At the conference, a CDC consultant and doctor from Emory University will discuss what he learned in helping to successfully treat infected patients who were transferred to his Atlanta hospital.

Dr. David Pigott is an Ebola expert who will also deliver a presentation on the outbreak. He was asked about the mandatory involuntary quarantining of healthcare workers who returned from Ebola hot zones.

"What we recommend for physicians, or rather aid workers who have recently returned from Africa, is that they perform voluntary twice-daily temperatures at home, not a mandatory quarantine," he said.

Dr. Mathew Bitner, who is chairing the ACEP conference, said "I think it's important to know that emergency physicians are talking about it."

It's a timely discussion, especially considering the controversy surrounding the mandatory quarantine of nurse Kaci Hickox in New Jersey. She was forced into isolation after working with Ebola patients in Sierra Leone. Hickox has called her quarantine inhumane, pointing out she's tested negative for the disease.

"When you put everyone in the same basket, that's the thing that we're concerned about," said Dr. Anthony Fauci, director of the National Institute of Allergy and Infectious Diseases. "The best way to protect Americans is to stop the epidemic in Africa, and we need those health care workers to do that."

Fauci wasn't the only physician expressing doubt about mandatory quarantines for people considered at high risk for Ebola.

"The quarantine is one way to deal with an epidemic. It's one way to deal with any epidemic," said Dr. Daniel Bachmann.

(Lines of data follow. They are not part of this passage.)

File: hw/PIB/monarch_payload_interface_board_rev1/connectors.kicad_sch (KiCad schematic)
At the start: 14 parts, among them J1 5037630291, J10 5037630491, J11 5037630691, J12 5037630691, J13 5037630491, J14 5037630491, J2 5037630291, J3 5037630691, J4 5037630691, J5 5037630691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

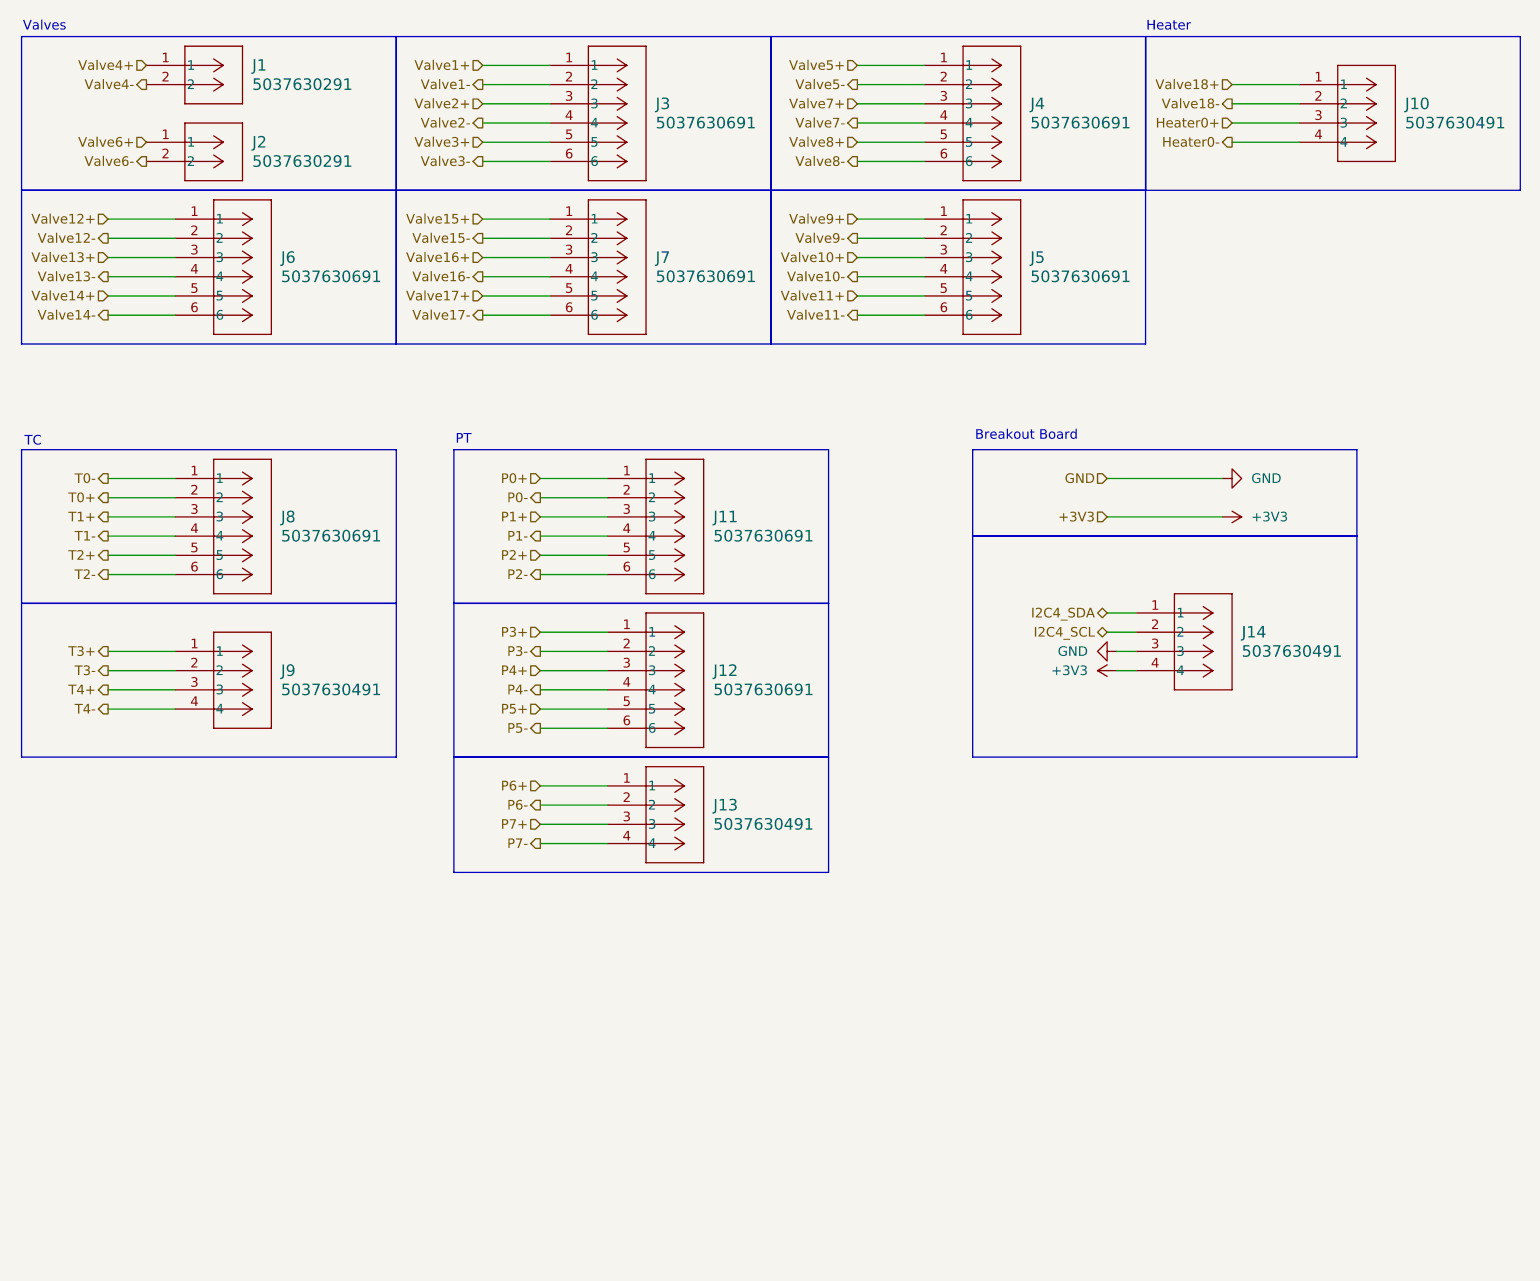
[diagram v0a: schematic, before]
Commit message: PIB layout update
done pending Ben O approval
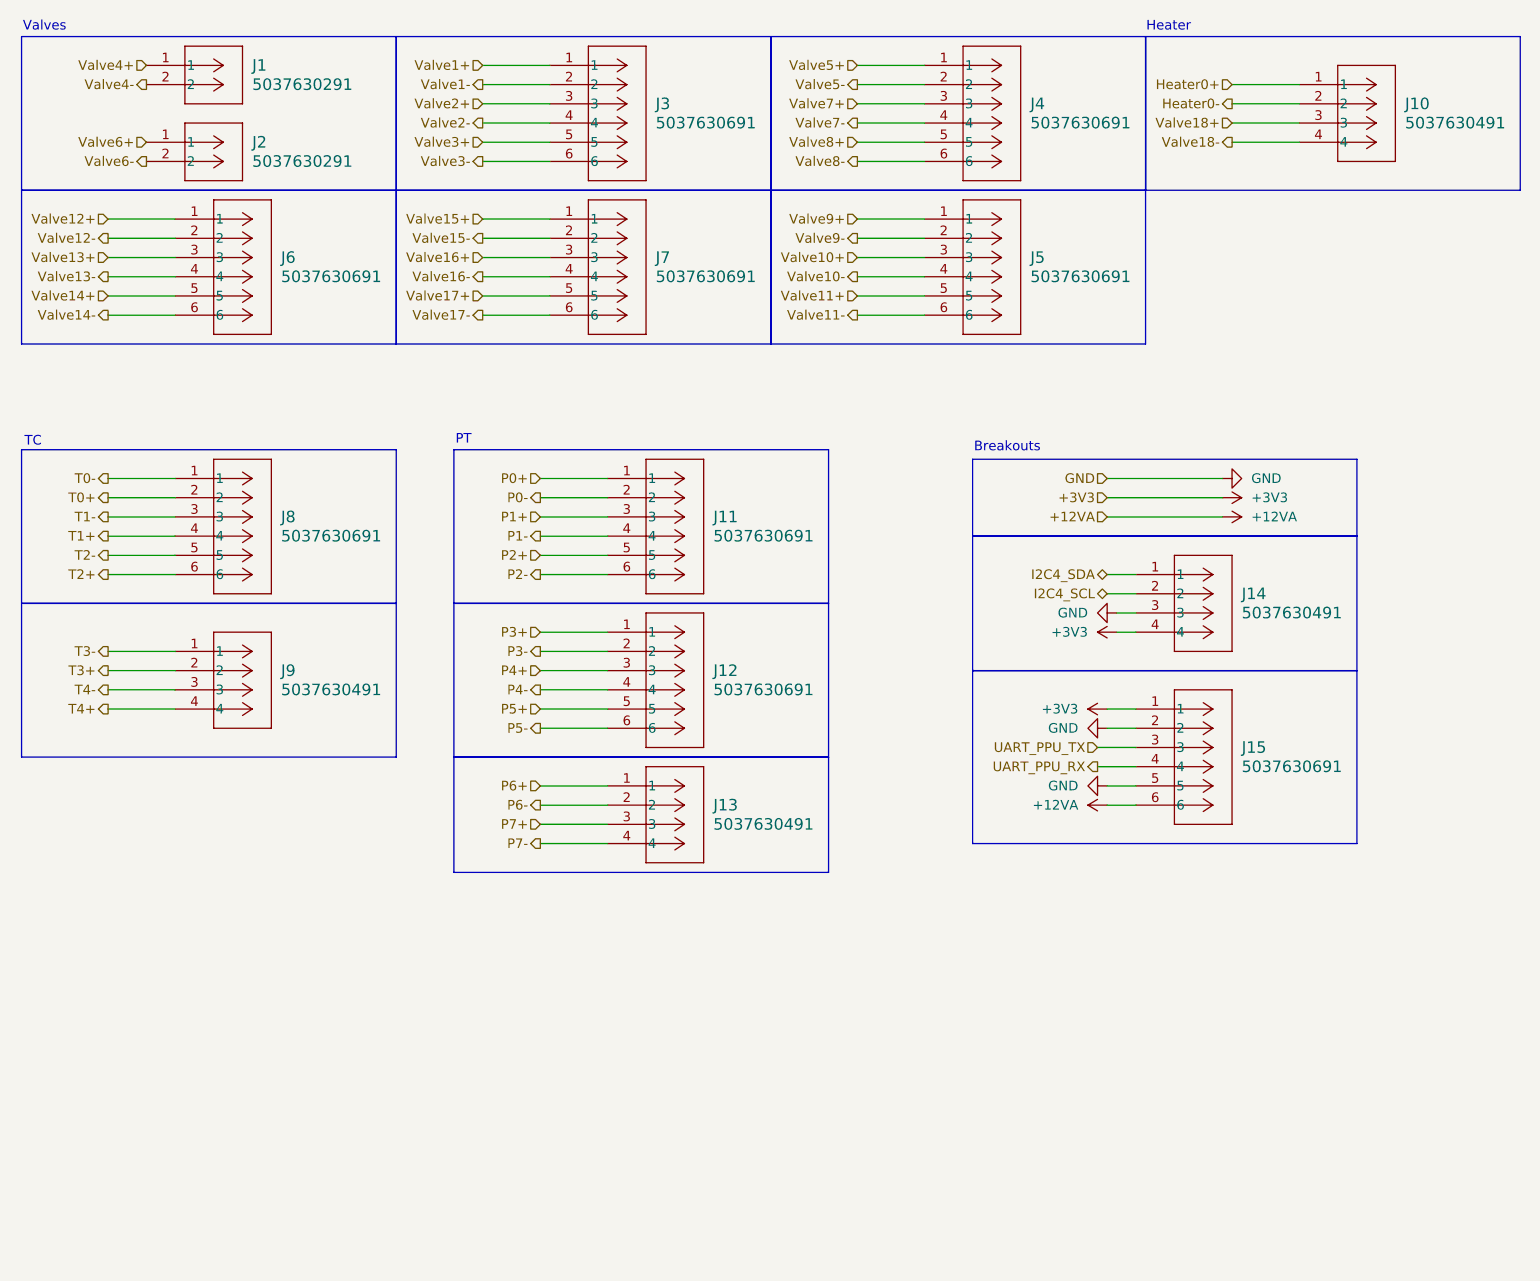
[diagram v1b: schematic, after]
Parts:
- added J15: 5037630691, CONN_5037630000-SD_06_MOL, symbol 5037630691:5037630691
- J10: footprint CONN_5037630000-SD_04_MOL -> 5037630491:CONN_5037630000-SD_04_MOL
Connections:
- net +3V3: now also J15.1
- net GND: now also J15.2, J15.5
- net Heater0+: now also J10.1; no longer J10.3
- net Heater0-: now also J10.2; no longer J10.4
- net T1+: now also J8.4; no longer J8.3
- net T1-: now also J8.3; no longer J8.4
- net T2+: now also J8.6; no longer J8.5
- net T2-: now also J8.5; no longer J8.6
- net T3+: now also J9.2; no longer J9.1
- net T3-: now also J9.1; no longer J9.2
- net T4+: now also J9.4; no longer J9.3
- net T4-: now also J9.3; no longer J9.4
- net Valve18+: now also J10.3; no longer J10.1
- net Valve18-: now also J10.4; no longer J10.2
- new net +12VA: J15.6
- new net UART_PPU_RX: J15.4
- new net UART_PPU_TX: J15.3
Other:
- note added: "Breakouts"
- note removed: "Breakout Board"
- moved on the sheet: J14

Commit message: PIB minor updates & radio board
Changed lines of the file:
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@@
 	)
 	(hierarchical_label "UART_PPU_RX"
-		(shape output)
+		(shape input)
 		(at 166.37 116.84 180)
 		(effects
@@
 	)
 	(hierarchical_label "UART_PPU_TX"
-		(shape input)
+		(shape output)
 		(at 166.37 114.3 180)
 		(effects

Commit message: minor tweaks
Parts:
- J15: footprint CONN_5037630000-SD_06_MOL -> 5037630691:CONN_5037630000-SD_06_MOL
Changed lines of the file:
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@@
 			)
 		)
-		(property "Footprint" "CONN_5037630000-SD_06_MOL"
+		(property "Footprint" "5037630691:CONN_5037630000-SD_06_MOL"
 			(at 171.45 109.22 0)
 			(effects

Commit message: BOOT PIN FIX + NRST PIN FIX
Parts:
- added J101: Conn_01x03, Connector_PinHeader_1.27mm:PinHeader_1x03_P1.27mm_Vertical, symbol Connector_Generic:Conn_01x03
- added J102: Conn_01x04, Connector_PinHeader_2.54mm:PinHeader_1x04_P2.54mm_Vertical, symbol Connector_Generic:Conn_01x04
- added J104: Conn_01x02, Connector_PinHeader_2.54mm:PinHeader_1x02_P2.54mm_Vertical, symbol Connector_Generic:Conn_01x02
- added J105: Conn_01x02, Connector_PinHeader_1.27mm:PinHeader_1x02_P1.27mm_Vertical, symbol Connector_Generic:Conn_01x02
- added J106: Conn_01x04, Connector_PinHeader_1.27mm:PinHeader_1x04_P1.27mm_Vertical, symbol Connector_Generic:Conn_01x04
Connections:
- new net BOOT: J101.2 (Pin_2)
- new net FLASH_CS: J106.1 (Pin_1)
- new net I2C_SCL: J105.1 (Pin_1)
- new net I2C_SDA: J105.2 (Pin_2)
- new net MCU_GND: J101.3 (Pin_3), J102.4 (Pin_4)
- new net MCU_V: J102.1 (Pin_1)
- new net NRST: J101.1 (Pin_1)
- new net SPI_MISO: J106.3 (Pin_3)
- new net SPI_MOSI: J106.4 (Pin_4)
- new net SPI_SCK: J106.2 (Pin_2)
- new net SWCLK: J102.2 (Pin_2)
- new net SWDIO: J102.3 (Pin_3)
- new net UART_RX: J104.1 (Pin_1)
- new net UART_TX: J104.2 (Pin_2)
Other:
- note added: "Bus Debug Pins"
- note added: "MCU Programming Pins"

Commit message: New REV2 addition
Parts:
- removed J101: Conn_01x03, Connector_PinHeader_1.27mm:PinHeader_1x03_P1.27mm_Vertical, symbol Connector_Generic:Conn_01x03
- removed J102: Conn_01x04, Connector_PinHeader_2.54mm:PinHeader_1x04_P2.54mm_Vertical, symbol Connector_Generic:Conn_01x04
- removed J104: Conn_01x02, Connector_PinHeader_2.54mm:PinHeader_1x02_P2.54mm_Vertical, symbol Connector_Generic:Conn_01x02
- removed J105: Conn_01x02, Connector_PinHeader_1.27mm:PinHeader_1x02_P1.27mm_Vertical, symbol Connector_Generic:Conn_01x02
- removed J106: Conn_01x04, Connector_PinHeader_1.27mm:PinHeader_1x04_P1.27mm_Vertical, symbol Connector_Generic:Conn_01x04
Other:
- note removed: "Bus Debug Pins"
- note removed: "MCU Programming Pins"

But he said it might not be the best way to deal with the threat of Ebola in the U.S.

The White House also has pushed back against the quarantines imposed Illinois, New York, and New Jersey; after President Barack Obama called a meeting of his public health and national security experts working on the Ebola crisis.

"We have let the governors of New York, New Jersey, and others states know that we have concerns with the unintended consequences of policies not grounded in science may have on efforts to combat Ebola at its source in West Africa," a senior administration official said in a statement.

Experts have said the most important thing now is getting doctors on the same page when it comes to handling Ebola concerns.

"When you're tasked as the physician on-hand to draft the policy for how we care for Ebola patients in the emergency departments in your local community, you obviously turn to the national resources, and that's what ACEP's trying to provide," Bitner said.

During this week's conference at McCormick Place, ACEP planned to offer three major courses on Ebola treatment and prevention.